Stored entries:
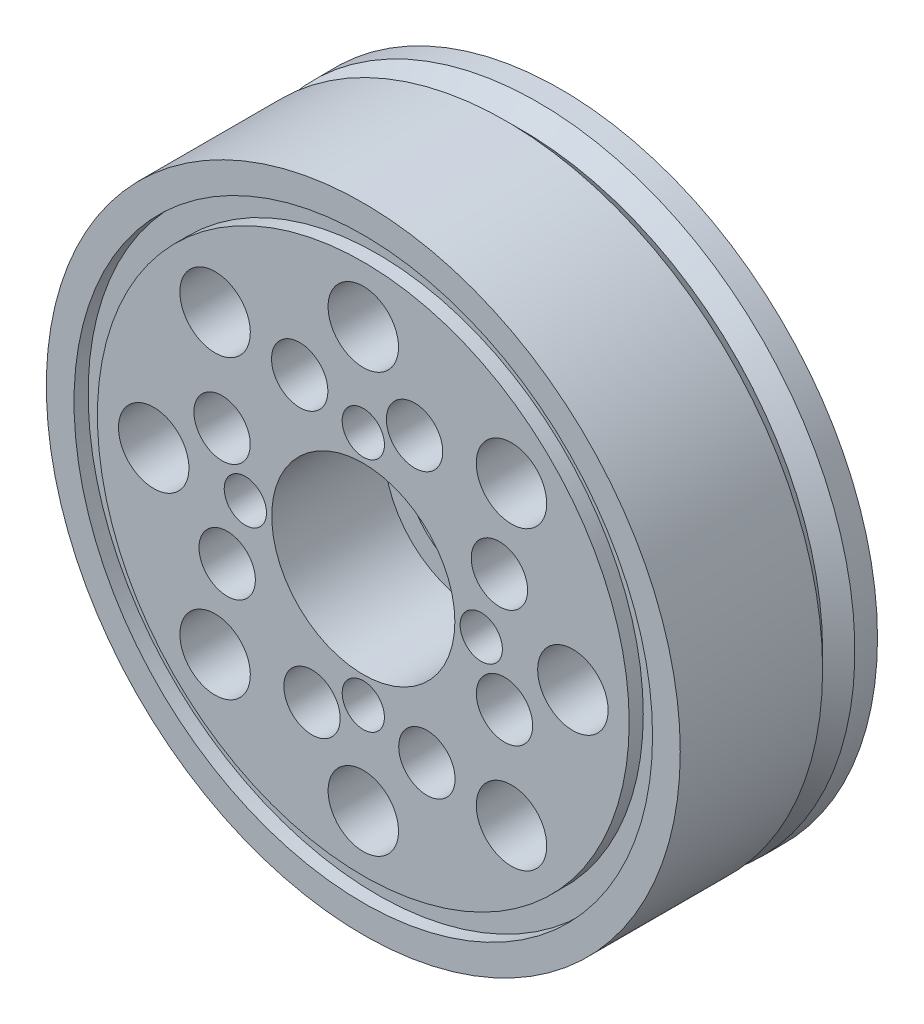
ISO-10303-21;
HEADER;
FILE_DESCRIPTION(('STEP AP214'),'2;1');
FILE_NAME('part.step','',(''),(''),'','','');
FILE_SCHEMA(('AUTOMOTIVE_DESIGN { 1 0 10303 214 1 1 1 1 }'));
ENDSEC;
DATA;
#1=APPLICATION_CONTEXT('core data for automotive mechanical design processes');
#2=APPLICATION_PROTOCOL_DEFINITION('international standard','automotive_design',2000,#1);
#3=PRODUCT_CONTEXT('',#1,'mechanical');
#4=PRODUCT('Part','Part','',(#3));
#5=PRODUCT_RELATED_PRODUCT_CATEGORY('part','',(#4));
#6=PRODUCT_DEFINITION_FORMATION('','',#4);
#7=PRODUCT_DEFINITION_CONTEXT('part definition',#1,'design');
#8=PRODUCT_DEFINITION('design','',#6,#7);
#9=PRODUCT_DEFINITION_SHAPE('','',#8);
#10=(LENGTH_UNIT() NAMED_UNIT(*) SI_UNIT(.MILLI.,.METRE.));
#11=(NAMED_UNIT(*) PLANE_ANGLE_UNIT() SI_UNIT($,.RADIAN.));
#12=(NAMED_UNIT(*) SI_UNIT($,.STERADIAN.) SOLID_ANGLE_UNIT());
#13=UNCERTAINTY_MEASURE_WITH_UNIT(LENGTH_MEASURE(1.E-05),#10,'distance_accuracy_value','');
#14=(GEOMETRIC_REPRESENTATION_CONTEXT(3) GLOBAL_UNCERTAINTY_ASSIGNED_CONTEXT((#13)) GLOBAL_UNIT_ASSIGNED_CONTEXT((#10,
#11,#12)) REPRESENTATION_CONTEXT('',''));
#15=CARTESIAN_POINT('',(0.,0.,0.));
#16=DIRECTION('',(0.,0.,1.));
#17=DIRECTION('',(1.,0.,0.));
#18=AXIS2_PLACEMENT_3D('',#15,#16,#17);
#19=CARTESIAN_POINT('',(0.,0.,15.827184369982));
#20=DIRECTION('',(0.,0.,-1.));
#21=DIRECTION('',(-1.,0.,0.));
#22=AXIS2_PLACEMENT_3D('',#19,#20,#21);
#23=CYLINDRICAL_SURFACE('',#22,27.999999);
#24=CARTESIAN_POINT('',(0.,0.,-1.59503723001799));
#25=DIRECTION('',(0.,0.,1.));
#26=DIRECTION('',(1.,0.,0.));
#27=AXIS2_PLACEMENT_3D('',#24,#25,#26);
#28=CIRCLE('',#27,27.999999);
#29=CARTESIAN_POINT('',(27.999999,0.,-1.59503723001799));
#30=VERTEX_POINT('',#29);
#31=EDGE_CURVE('E40',#30,#30,#28,.T.);
#32=ORIENTED_EDGE('',*,*,#31,.T.);
#33=EDGE_LOOP('',(#32));
#34=FACE_BOUND('',#33,.T.);
#35=CARTESIAN_POINT('',(0.,0.,0.404962769982008));
#36=DIRECTION('',(0.,0.,-1.));
#37=DIRECTION('',(-1.,0.,0.));
#38=AXIS2_PLACEMENT_3D('',#35,#36,#37);
#39=CIRCLE('',#38,27.999999);
#40=CARTESIAN_POINT('',(-27.999999,0.,0.404962769982008));
#41=VERTEX_POINT('',#40);
#42=EDGE_CURVE('E36',#41,#41,#39,.F.);
#43=ORIENTED_EDGE('',*,*,#42,.F.);
#44=EDGE_LOOP('',(#43));
#45=FACE_BOUND('',#44,.T.);
#46=ADVANCED_FACE('F33',(#34,#45),#23,.T.);
#47=CARTESIAN_POINT('',(0.,0.,15.827184369982));
#48=DIRECTION('',(0.,0.,1.));
#49=DIRECTION('',(1.,0.,0.));
#50=AXIS2_PLACEMENT_3D('',#47,#48,#49);
#51=CIRCLE('',#50,27.999999);
#52=CARTESIAN_POINT('',(27.999999,0.,15.827184369982));
#53=VERTEX_POINT('',#52);
#54=EDGE_CURVE('E10',#53,#53,#51,.T.);
#55=ORIENTED_EDGE('',*,*,#54,.F.);
#56=EDGE_LOOP('',(#55));
#57=FACE_BOUND('',#56,.T.);
#58=CARTESIAN_POINT('',(0.,0.,3.25183966621644));
#59=DIRECTION('',(0.,0.,1.));
#60=DIRECTION('',(1.,0.,0.));
#61=AXIS2_PLACEMENT_3D('',#58,#59,#60);
#62=CIRCLE('',#61,27.999999);
#63=CARTESIAN_POINT('',(27.999999,0.,3.25183966621644));
#64=VERTEX_POINT('',#63);
#65=EDGE_CURVE('E50',#64,#64,#62,.F.);
#66=ORIENTED_EDGE('',*,*,#65,.F.);
#67=EDGE_LOOP('',(#66));
#68=FACE_BOUND('',#67,.T.);
#69=ADVANCED_FACE('F209',(#57,#68),#23,.T.);
#70=CARTESIAN_POINT('',(0.,0.,15.827184369982));
#71=DIRECTION('',(0.,0.,1.));
#72=DIRECTION('',(1.,0.,0.));
#73=AXIS2_PLACEMENT_3D('',#70,#71,#72);
#74=PLANE('',#73);
#75=CARTESIAN_POINT('',(0.,0.,15.827184369982));
#76=DIRECTION('',(0.,0.,1.));
#77=DIRECTION('',(1.,0.,0.));
#78=AXIS2_PLACEMENT_3D('',#75,#76,#77);
#79=CIRCLE('',#78,25.5528630080935);
#80=CARTESIAN_POINT('',(25.5528630080935,0.,15.827184369982));
#81=VERTEX_POINT('',#80);
#82=EDGE_CURVE('E48',#81,#81,#79,.T.);
#83=ORIENTED_EDGE('',*,*,#82,.F.);
#84=EDGE_LOOP('',(#83));
#85=FACE_BOUND('',#84,.T.);
#86=ORIENTED_EDGE('',*,*,#54,.T.);
#87=EDGE_LOOP('',(#86));
#88=FACE_BOUND('',#87,.T.);
#89=ADVANCED_FACE('F206',(#85,#88),#74,.T.);
#90=CARTESIAN_POINT('',(0.,0.,-1.59503723001799));
#91=DIRECTION('',(0.,0.,1.));
#92=DIRECTION('',(1.,0.,0.));
#93=AXIS2_PLACEMENT_3D('',#90,#91,#92);
#94=PLANE('',#93);
#95=CARTESIAN_POINT('',(0.,0.,-1.59503723001799));
#96=DIRECTION('',(0.,0.,1.));
#97=DIRECTION('',(1.,0.,0.));
#98=AXIS2_PLACEMENT_3D('',#95,#96,#97);
#99=CIRCLE('',#98,6.222222);
#100=CARTESIAN_POINT('',(6.222222,0.,-1.59503723001799));
#101=VERTEX_POINT('',#100);
#102=EDGE_CURVE('E184',#101,#101,#99,.T.);
#103=ORIENTED_EDGE('',*,*,#102,.T.);
#104=EDGE_LOOP('',(#103));
#105=FACE_BOUND('',#104,.T.);
#106=ORIENTED_EDGE('',*,*,#31,.F.);
#107=EDGE_LOOP('',(#106));
#108=FACE_BOUND('',#107,.T.);
#109=ADVANCED_FACE('F208',(#105,#108),#94,.F.);
#110=CARTESIAN_POINT('',(0.,0.,14.582739969982));
#111=DIRECTION('',(0.,0.,1.));
#112=DIRECTION('',(1.,0.,0.));
#113=AXIS2_PLACEMENT_3D('',#110,#111,#112);
#114=CYLINDRICAL_SURFACE('',#113,25.5528630080935);
#115=CARTESIAN_POINT('',(0.,0.,14.582739969982));
#116=DIRECTION('',(0.,0.,1.));
#117=DIRECTION('',(1.,0.,0.));
#118=AXIS2_PLACEMENT_3D('',#115,#116,#117);
#119=CIRCLE('',#118,25.5528630080935);
#120=CARTESIAN_POINT('',(25.5528630080935,0.,14.582739969982));
#121=VERTEX_POINT('',#120);
#122=EDGE_CURVE('E45',#121,#121,#119,.T.);
#123=ORIENTED_EDGE('',*,*,#122,.F.);
#124=EDGE_LOOP('',(#123));
#125=FACE_BOUND('',#124,.T.);
#126=ORIENTED_EDGE('',*,*,#82,.T.);
#127=EDGE_LOOP('',(#126));
#128=FACE_BOUND('',#127,.T.);
#129=ADVANCED_FACE('F204',(#125,#128),#114,.F.);
#130=CARTESIAN_POINT('',(0.,0.,14.582739969982));
#131=DIRECTION('',(0.,0.,1.));
#132=DIRECTION('',(1.,0.,0.));
#133=AXIS2_PLACEMENT_3D('',#130,#131,#132);
#134=PLANE('',#133);
#135=CARTESIAN_POINT('',(0.,0.,14.582739969982));
#136=DIRECTION('',(0.,0.,1.));
#137=DIRECTION('',(1.,0.,0.));
#138=AXIS2_PLACEMENT_3D('',#135,#136,#137);
#139=CIRCLE('',#138,23.48741959096);
#140=CARTESIAN_POINT('',(23.48741959096,0.,14.582739969982));
#141=VERTEX_POINT('',#140);
#142=EDGE_CURVE('E194',#141,#141,#139,.T.);
#143=ORIENTED_EDGE('',*,*,#142,.F.);
#144=EDGE_LOOP('',(#143));
#145=FACE_BOUND('',#144,.T.);
#146=ORIENTED_EDGE('',*,*,#122,.T.);
#147=EDGE_LOOP('',(#146));
#148=FACE_BOUND('',#147,.T.);
#149=ADVANCED_FACE('F414',(#145,#148),#134,.T.);
#150=CARTESIAN_POINT('',(0.,0.,14.582739969982));
#151=DIRECTION('',(0.,0.,1.));
#152=DIRECTION('',(1.,0.,0.));
#153=AXIS2_PLACEMENT_3D('',#150,#151,#152);
#154=CYLINDRICAL_SURFACE('',#153,23.48741959096);
#155=ORIENTED_EDGE('',*,*,#142,.T.);
#156=EDGE_LOOP('',(#155));
#157=FACE_BOUND('',#156,.T.);
#158=CARTESIAN_POINT('',(0.,0.,15.827184369982));
#159=DIRECTION('',(0.,0.,1.));
#160=DIRECTION('',(1.,0.,0.));
#161=AXIS2_PLACEMENT_3D('',#158,#159,#160);
#162=CIRCLE('',#161,23.48741959096);
#163=CARTESIAN_POINT('',(23.48741959096,0.,15.827184369982));
#164=VERTEX_POINT('',#163);
#165=EDGE_CURVE('E191',#164,#164,#162,.T.);
#166=ORIENTED_EDGE('',*,*,#165,.F.);
#167=EDGE_LOOP('',(#166));
#168=FACE_BOUND('',#167,.T.);
#169=ADVANCED_FACE('F221',(#157,#168),#154,.T.);
#170=CARTESIAN_POINT('',(-12.4737591529476,4.53005844783731,15.827184369982));
#171=DIRECTION('',(0.,0.,1.));
#172=DIRECTION('',(0.707106781186556,0.707106781186539,0.));
#173=AXIS2_PLACEMENT_3D('',#170,#171,#172);
#174=CIRCLE('',#173,2.4888888);
#175=CARTESIAN_POINT('',(-10.7138490048483,6.28996859593654,15.827184369982));
#176=VERTEX_POINT('',#175);
#177=EDGE_CURVE('E56',#176,#176,#174,.T.);
#178=ORIENTED_EDGE('',*,*,#177,.F.);
#179=EDGE_LOOP('',(#178));
#180=FACE_BOUND('',#179,.T.);
#181=CARTESIAN_POINT('',(-12.0235147315742,-5.61704463629988,15.827184369982));
#182=DIRECTION('',(0.,0.,1.));
#183=DIRECTION('',(0.,1.,0.));
#184=AXIS2_PLACEMENT_3D('',#181,#182,#183);
#185=CIRCLE('',#184,2.4888888);
#186=CARTESIAN_POINT('',(-12.0235147315742,-3.12815583629987,15.827184369982));
#187=VERTEX_POINT('',#186);
#188=EDGE_CURVE('E67',#187,#187,#185,.T.);
#189=ORIENTED_EDGE('',*,*,#188,.F.);
#190=EDGE_LOOP('',(#189));
#191=FACE_BOUND('',#190,.T.);
#192=CARTESIAN_POINT('',(-4.53005844783726,-12.4737591529476,15.827184369982));
#193=DIRECTION('',(0.,0.,1.));
#194=DIRECTION('',(-0.707106781186541,0.707106781186554,0.));
#195=AXIS2_PLACEMENT_3D('',#192,#193,#194);
#196=CIRCLE('',#195,2.4888888);
#197=CARTESIAN_POINT('',(-6.2899685959365,-10.7138490048484,15.827184369982));
#198=VERTEX_POINT('',#197);
#199=EDGE_CURVE('E73',#198,#198,#196,.T.);
#200=ORIENTED_EDGE('',*,*,#199,.F.);
#201=EDGE_LOOP('',(#200));
#202=FACE_BOUND('',#201,.T.);
#203=CARTESIAN_POINT('',(5.6170446363,-12.0235147315741,15.827184369982));
#204=DIRECTION('',(0.,0.,1.));
#205=DIRECTION('',(-1.,0.,0.));
#206=AXIS2_PLACEMENT_3D('',#203,#204,#205);
#207=CIRCLE('',#206,2.4888888);
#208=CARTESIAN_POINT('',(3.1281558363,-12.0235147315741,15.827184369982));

### [What is required]
Retype the records above word for word, from their first line through the line containing "#4=PRODUCT('Part','Part','',(#3));", and leave out every picture.

### [Exercise solution]
ISO-10303-21;
HEADER;
FILE_DESCRIPTION(('STEP AP214'),'2;1');
FILE_NAME('part.step','',(''),(''),'','','');
FILE_SCHEMA(('AUTOMOTIVE_DESIGN { 1 0 10303 214 1 1 1 1 }'));
ENDSEC;
DATA;
#1=APPLICATION_CONTEXT('core data for automotive mechanical design processes');
#2=APPLICATION_PROTOCOL_DEFINITION('international standard','automotive_design',2000,#1);
#3=PRODUCT_CONTEXT('',#1,'mechanical');
#4=PRODUCT('Part','Part','',(#3));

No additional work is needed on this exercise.